Go through the entries below from the first line and output each one exactly, up to and including the line with "laps | int | 0 |".

▶ RECORDS FOR PROCESSING:
Start of Block
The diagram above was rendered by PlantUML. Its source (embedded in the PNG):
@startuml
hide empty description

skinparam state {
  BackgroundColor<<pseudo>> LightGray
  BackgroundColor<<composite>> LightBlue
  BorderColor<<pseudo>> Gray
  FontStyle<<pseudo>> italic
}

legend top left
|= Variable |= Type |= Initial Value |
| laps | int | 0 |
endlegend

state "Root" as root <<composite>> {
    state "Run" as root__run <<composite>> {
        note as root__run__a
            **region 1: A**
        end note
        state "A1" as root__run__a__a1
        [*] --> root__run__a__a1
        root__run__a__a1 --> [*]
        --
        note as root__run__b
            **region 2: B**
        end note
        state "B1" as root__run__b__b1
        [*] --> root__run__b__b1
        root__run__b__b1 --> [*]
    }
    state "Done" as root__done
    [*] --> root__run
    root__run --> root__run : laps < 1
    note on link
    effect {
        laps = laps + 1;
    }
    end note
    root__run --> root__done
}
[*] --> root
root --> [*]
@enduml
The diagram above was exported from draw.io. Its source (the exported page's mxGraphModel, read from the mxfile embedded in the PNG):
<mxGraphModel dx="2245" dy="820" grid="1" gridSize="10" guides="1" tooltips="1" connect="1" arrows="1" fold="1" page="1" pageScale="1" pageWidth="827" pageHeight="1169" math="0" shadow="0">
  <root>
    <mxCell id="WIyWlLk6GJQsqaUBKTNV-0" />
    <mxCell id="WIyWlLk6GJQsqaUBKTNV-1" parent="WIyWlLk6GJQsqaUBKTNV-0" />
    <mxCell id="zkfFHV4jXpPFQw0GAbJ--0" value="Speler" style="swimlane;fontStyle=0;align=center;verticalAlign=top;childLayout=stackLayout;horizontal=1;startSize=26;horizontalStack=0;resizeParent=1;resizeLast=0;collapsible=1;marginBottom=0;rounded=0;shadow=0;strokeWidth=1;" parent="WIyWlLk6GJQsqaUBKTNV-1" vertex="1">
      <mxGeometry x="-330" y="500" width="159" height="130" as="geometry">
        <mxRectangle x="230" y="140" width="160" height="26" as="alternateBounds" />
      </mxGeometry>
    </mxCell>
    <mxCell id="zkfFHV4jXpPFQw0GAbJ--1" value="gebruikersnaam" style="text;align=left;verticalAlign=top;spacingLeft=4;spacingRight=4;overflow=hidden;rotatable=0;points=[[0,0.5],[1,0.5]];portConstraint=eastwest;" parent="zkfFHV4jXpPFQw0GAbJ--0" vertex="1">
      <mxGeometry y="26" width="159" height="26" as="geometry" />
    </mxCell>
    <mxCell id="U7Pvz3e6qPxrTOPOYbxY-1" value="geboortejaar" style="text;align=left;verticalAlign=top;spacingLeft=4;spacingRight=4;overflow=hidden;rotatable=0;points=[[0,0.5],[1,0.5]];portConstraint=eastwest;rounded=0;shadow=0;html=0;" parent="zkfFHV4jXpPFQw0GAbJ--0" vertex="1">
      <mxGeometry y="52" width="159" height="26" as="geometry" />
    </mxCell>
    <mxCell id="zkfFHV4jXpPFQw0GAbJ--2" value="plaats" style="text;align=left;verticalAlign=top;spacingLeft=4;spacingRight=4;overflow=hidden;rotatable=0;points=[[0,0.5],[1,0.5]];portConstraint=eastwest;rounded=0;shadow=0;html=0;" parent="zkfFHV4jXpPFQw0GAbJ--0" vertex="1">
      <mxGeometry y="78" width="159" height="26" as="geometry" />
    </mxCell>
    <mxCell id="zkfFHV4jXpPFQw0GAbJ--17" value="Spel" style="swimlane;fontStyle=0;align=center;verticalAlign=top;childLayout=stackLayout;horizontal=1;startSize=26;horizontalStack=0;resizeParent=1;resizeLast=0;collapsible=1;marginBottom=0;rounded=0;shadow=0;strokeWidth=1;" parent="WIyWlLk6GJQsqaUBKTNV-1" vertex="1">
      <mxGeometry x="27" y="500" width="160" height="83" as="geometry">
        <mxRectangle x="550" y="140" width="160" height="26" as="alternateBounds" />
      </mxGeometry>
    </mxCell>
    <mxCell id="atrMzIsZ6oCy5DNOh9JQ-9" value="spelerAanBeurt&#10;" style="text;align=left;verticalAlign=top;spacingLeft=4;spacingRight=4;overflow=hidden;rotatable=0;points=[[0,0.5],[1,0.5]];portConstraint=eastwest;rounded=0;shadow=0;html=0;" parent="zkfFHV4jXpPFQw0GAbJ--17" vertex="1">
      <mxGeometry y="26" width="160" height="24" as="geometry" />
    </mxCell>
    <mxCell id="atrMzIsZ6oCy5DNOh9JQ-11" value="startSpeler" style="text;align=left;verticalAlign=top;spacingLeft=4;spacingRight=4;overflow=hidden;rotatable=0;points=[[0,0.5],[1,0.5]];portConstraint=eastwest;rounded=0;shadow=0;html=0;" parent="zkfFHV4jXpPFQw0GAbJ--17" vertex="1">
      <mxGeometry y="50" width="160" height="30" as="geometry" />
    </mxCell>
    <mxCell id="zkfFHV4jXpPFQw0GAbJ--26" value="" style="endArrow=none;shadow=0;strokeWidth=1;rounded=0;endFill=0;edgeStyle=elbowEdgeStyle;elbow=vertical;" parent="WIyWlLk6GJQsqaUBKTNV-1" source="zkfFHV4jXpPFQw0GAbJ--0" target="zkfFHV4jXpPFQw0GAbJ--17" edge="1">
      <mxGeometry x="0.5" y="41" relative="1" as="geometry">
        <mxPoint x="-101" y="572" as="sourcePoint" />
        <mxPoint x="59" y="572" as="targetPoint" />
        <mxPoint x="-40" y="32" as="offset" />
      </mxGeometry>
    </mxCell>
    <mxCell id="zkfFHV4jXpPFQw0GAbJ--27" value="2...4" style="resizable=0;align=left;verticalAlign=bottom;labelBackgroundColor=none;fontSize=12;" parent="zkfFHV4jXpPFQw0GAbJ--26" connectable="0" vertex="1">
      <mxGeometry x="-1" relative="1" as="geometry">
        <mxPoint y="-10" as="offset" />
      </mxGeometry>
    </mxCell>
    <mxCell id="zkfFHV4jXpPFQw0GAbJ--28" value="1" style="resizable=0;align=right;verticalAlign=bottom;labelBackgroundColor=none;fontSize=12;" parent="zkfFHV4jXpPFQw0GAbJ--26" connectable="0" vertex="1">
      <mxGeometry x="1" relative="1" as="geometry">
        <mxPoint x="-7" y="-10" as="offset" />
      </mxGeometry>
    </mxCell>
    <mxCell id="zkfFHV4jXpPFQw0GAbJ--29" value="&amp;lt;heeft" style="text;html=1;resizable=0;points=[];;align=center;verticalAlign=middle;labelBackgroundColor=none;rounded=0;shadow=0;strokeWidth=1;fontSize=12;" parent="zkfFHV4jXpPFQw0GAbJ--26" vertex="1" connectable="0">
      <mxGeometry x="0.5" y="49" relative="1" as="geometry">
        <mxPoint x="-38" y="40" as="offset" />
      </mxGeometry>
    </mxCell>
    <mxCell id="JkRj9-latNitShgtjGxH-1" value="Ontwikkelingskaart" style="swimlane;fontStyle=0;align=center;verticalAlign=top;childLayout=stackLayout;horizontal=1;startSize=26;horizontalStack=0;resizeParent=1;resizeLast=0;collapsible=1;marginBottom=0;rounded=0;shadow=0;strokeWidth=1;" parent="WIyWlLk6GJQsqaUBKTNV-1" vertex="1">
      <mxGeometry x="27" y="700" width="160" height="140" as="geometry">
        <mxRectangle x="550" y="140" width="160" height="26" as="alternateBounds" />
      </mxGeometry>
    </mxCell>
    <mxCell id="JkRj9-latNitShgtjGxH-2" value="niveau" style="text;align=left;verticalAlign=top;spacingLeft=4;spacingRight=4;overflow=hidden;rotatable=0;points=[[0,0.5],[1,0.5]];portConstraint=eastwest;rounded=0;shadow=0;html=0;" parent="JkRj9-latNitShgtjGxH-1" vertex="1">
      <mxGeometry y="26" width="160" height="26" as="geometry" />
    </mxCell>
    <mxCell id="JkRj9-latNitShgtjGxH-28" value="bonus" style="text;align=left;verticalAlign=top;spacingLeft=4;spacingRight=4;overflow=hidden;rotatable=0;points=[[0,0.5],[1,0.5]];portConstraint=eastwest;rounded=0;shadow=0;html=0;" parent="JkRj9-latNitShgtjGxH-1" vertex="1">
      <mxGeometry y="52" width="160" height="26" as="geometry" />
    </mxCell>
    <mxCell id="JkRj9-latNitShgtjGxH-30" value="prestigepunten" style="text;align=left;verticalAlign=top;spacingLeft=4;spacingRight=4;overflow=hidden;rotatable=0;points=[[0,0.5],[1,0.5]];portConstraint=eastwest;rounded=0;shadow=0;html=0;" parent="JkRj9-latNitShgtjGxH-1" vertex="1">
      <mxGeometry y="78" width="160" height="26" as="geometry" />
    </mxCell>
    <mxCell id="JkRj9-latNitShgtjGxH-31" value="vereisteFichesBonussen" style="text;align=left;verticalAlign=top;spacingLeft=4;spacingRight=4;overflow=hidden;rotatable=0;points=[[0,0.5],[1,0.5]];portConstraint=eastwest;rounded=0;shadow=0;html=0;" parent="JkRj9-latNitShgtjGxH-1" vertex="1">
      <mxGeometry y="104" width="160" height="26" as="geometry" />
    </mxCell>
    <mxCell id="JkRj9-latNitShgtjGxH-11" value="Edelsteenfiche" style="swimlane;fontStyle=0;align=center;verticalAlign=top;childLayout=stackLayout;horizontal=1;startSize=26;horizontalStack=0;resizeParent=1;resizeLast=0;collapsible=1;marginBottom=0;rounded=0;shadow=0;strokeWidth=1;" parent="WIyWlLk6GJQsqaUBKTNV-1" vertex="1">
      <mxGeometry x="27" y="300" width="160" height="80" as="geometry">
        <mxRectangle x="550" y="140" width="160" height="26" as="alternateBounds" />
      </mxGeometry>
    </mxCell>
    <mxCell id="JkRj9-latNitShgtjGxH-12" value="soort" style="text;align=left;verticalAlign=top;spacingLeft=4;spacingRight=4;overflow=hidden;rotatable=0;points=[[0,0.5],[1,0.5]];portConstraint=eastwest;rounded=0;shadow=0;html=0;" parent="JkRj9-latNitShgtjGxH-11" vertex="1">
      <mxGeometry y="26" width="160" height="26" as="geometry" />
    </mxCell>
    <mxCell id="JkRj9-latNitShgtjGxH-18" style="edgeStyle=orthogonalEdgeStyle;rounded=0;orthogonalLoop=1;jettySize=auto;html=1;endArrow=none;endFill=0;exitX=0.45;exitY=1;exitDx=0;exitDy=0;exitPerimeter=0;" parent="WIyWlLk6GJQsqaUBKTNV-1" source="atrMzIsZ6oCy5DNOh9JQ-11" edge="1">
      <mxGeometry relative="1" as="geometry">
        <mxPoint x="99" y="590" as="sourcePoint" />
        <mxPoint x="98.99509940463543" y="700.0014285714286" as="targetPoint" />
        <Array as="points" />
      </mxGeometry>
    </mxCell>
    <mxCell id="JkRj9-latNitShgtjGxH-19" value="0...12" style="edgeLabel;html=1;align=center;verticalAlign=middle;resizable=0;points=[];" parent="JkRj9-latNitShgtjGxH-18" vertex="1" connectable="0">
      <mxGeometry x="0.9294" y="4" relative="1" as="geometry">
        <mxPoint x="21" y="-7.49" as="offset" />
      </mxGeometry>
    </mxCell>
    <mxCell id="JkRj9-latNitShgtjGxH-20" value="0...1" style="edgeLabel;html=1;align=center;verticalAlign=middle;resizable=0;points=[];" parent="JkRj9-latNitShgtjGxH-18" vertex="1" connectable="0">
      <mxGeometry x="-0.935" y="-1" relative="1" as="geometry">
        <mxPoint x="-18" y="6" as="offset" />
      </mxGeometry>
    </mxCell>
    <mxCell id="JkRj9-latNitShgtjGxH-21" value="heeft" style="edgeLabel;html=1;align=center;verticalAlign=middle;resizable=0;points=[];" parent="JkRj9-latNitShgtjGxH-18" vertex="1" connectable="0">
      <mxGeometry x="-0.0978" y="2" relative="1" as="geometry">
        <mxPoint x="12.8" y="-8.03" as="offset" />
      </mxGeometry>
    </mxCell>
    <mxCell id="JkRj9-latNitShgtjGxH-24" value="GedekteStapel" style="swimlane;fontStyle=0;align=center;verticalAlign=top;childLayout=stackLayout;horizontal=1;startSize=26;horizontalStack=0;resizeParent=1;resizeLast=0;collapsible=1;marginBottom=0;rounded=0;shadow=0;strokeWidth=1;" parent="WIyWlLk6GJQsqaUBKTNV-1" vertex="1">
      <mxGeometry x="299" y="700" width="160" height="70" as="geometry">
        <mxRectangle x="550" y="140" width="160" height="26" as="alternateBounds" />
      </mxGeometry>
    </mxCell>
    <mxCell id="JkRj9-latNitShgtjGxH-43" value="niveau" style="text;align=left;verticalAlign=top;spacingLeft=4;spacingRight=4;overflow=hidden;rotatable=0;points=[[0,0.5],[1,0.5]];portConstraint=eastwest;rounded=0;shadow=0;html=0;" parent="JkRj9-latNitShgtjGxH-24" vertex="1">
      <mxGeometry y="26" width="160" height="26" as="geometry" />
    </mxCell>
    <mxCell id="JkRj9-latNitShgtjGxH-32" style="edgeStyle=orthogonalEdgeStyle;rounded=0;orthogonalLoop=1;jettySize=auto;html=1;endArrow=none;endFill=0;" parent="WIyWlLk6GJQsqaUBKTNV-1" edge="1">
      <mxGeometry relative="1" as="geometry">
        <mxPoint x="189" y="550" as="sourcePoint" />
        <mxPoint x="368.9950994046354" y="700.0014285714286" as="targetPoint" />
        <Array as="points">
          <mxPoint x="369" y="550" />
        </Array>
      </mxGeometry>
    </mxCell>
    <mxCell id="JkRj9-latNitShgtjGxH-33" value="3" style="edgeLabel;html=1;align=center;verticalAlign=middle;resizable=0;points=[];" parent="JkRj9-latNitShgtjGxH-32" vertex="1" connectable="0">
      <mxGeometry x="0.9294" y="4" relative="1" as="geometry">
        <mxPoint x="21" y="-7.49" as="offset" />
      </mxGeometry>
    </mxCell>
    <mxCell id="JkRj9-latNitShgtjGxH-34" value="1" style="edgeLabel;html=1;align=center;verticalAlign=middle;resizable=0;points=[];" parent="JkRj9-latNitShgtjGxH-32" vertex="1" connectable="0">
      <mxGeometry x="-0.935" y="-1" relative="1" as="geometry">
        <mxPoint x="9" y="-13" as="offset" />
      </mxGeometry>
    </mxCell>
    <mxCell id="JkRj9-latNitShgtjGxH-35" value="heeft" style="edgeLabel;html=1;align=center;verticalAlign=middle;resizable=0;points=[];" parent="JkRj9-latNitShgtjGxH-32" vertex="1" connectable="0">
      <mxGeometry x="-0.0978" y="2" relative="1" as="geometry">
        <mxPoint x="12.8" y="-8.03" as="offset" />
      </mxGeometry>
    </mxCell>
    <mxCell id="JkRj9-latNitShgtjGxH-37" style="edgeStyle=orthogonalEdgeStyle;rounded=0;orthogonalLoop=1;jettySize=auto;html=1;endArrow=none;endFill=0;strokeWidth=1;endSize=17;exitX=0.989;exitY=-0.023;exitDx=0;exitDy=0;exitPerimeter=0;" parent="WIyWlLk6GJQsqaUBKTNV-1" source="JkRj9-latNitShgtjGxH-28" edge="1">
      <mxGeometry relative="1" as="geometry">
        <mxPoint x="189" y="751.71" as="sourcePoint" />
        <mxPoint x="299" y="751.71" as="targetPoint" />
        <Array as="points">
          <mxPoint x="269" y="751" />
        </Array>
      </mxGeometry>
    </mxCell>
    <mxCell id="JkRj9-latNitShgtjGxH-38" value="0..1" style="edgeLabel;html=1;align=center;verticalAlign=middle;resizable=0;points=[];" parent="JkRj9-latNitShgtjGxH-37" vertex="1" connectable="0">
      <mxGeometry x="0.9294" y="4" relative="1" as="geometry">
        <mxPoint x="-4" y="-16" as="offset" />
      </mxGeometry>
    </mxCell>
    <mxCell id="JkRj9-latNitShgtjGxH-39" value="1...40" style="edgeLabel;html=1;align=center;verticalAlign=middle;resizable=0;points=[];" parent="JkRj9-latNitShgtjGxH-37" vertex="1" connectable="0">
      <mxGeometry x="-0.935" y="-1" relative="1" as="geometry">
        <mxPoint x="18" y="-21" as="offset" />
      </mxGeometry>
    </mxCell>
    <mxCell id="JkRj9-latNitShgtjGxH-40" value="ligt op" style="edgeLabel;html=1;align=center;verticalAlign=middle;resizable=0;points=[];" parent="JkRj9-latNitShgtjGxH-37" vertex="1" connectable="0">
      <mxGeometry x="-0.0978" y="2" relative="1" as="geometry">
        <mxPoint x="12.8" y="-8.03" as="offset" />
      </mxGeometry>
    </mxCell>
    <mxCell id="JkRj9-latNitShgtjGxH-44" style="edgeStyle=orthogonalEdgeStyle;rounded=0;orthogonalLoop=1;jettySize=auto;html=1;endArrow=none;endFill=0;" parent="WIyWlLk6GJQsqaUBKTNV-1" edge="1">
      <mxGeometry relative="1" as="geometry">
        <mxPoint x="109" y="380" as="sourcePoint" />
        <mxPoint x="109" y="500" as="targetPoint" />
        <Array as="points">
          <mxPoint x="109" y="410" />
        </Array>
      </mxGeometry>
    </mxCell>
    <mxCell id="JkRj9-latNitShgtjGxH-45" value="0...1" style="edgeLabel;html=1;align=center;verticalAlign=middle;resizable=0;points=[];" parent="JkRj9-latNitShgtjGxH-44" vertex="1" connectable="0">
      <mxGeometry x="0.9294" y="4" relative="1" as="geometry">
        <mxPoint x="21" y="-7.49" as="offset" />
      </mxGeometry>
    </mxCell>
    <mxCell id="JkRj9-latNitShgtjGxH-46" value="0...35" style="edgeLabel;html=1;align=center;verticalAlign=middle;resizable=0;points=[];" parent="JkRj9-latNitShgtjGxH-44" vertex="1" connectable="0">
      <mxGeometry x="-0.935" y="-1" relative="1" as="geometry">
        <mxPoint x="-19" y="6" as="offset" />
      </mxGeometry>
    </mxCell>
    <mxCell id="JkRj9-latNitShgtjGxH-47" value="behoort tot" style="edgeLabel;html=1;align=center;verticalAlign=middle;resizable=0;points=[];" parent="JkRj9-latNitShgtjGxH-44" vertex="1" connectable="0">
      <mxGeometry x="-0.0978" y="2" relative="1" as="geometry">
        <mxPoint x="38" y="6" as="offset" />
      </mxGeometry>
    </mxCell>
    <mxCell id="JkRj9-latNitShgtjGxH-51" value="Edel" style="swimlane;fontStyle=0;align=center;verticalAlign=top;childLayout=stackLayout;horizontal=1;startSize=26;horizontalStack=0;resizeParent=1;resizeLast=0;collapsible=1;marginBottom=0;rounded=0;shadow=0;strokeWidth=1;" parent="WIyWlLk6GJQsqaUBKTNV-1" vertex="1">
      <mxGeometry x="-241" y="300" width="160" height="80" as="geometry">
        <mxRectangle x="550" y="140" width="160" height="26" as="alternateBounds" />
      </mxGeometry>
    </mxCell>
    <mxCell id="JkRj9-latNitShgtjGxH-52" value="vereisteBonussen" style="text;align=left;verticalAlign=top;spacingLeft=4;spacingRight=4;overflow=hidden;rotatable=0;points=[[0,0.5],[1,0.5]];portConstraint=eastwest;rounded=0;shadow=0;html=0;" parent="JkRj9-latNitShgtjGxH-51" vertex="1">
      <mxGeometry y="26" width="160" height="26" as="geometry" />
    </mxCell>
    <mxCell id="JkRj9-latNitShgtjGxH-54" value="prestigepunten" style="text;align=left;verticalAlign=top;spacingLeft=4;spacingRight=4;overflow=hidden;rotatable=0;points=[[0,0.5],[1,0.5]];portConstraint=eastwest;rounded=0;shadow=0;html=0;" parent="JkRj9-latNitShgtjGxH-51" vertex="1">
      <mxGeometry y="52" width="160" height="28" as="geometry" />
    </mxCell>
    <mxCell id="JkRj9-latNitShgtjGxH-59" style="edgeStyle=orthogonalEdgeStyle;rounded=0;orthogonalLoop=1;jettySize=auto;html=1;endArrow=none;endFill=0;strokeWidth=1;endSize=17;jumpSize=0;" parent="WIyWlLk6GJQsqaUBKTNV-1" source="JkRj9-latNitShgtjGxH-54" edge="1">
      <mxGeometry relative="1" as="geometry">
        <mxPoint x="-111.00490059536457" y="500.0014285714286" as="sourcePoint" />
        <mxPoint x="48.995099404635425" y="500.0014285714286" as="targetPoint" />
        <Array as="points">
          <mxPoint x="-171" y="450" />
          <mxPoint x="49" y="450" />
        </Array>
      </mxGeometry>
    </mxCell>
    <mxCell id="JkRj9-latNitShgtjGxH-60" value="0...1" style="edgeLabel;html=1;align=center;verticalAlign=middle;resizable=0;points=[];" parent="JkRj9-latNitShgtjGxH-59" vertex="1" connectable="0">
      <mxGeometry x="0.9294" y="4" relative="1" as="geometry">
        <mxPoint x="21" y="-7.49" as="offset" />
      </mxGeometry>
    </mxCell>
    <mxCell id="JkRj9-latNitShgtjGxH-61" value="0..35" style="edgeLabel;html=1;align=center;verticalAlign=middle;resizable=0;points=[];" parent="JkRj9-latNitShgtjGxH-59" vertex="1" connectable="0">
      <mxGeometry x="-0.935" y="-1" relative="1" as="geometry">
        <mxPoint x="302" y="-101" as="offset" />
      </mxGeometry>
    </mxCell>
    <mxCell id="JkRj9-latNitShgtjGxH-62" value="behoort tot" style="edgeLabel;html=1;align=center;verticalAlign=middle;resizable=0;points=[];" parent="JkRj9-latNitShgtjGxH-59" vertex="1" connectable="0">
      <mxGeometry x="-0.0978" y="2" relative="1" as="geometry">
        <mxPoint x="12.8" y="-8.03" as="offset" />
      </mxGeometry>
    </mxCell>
End of Block
▶ THE COMPLETED TASK:
The diagram above was rendered by PlantUML. Its source (embedded in the PNG):
@startuml
hide empty description

skinparam state {
  BackgroundColor<<pseudo>> LightGray
  BackgroundColor<<composite>> LightBlue
  BorderColor<<pseudo>> Gray
  FontStyle<<pseudo>> italic
}

legend top left
|= Variable |= Type |= Initial Value |
| laps | int | 0 |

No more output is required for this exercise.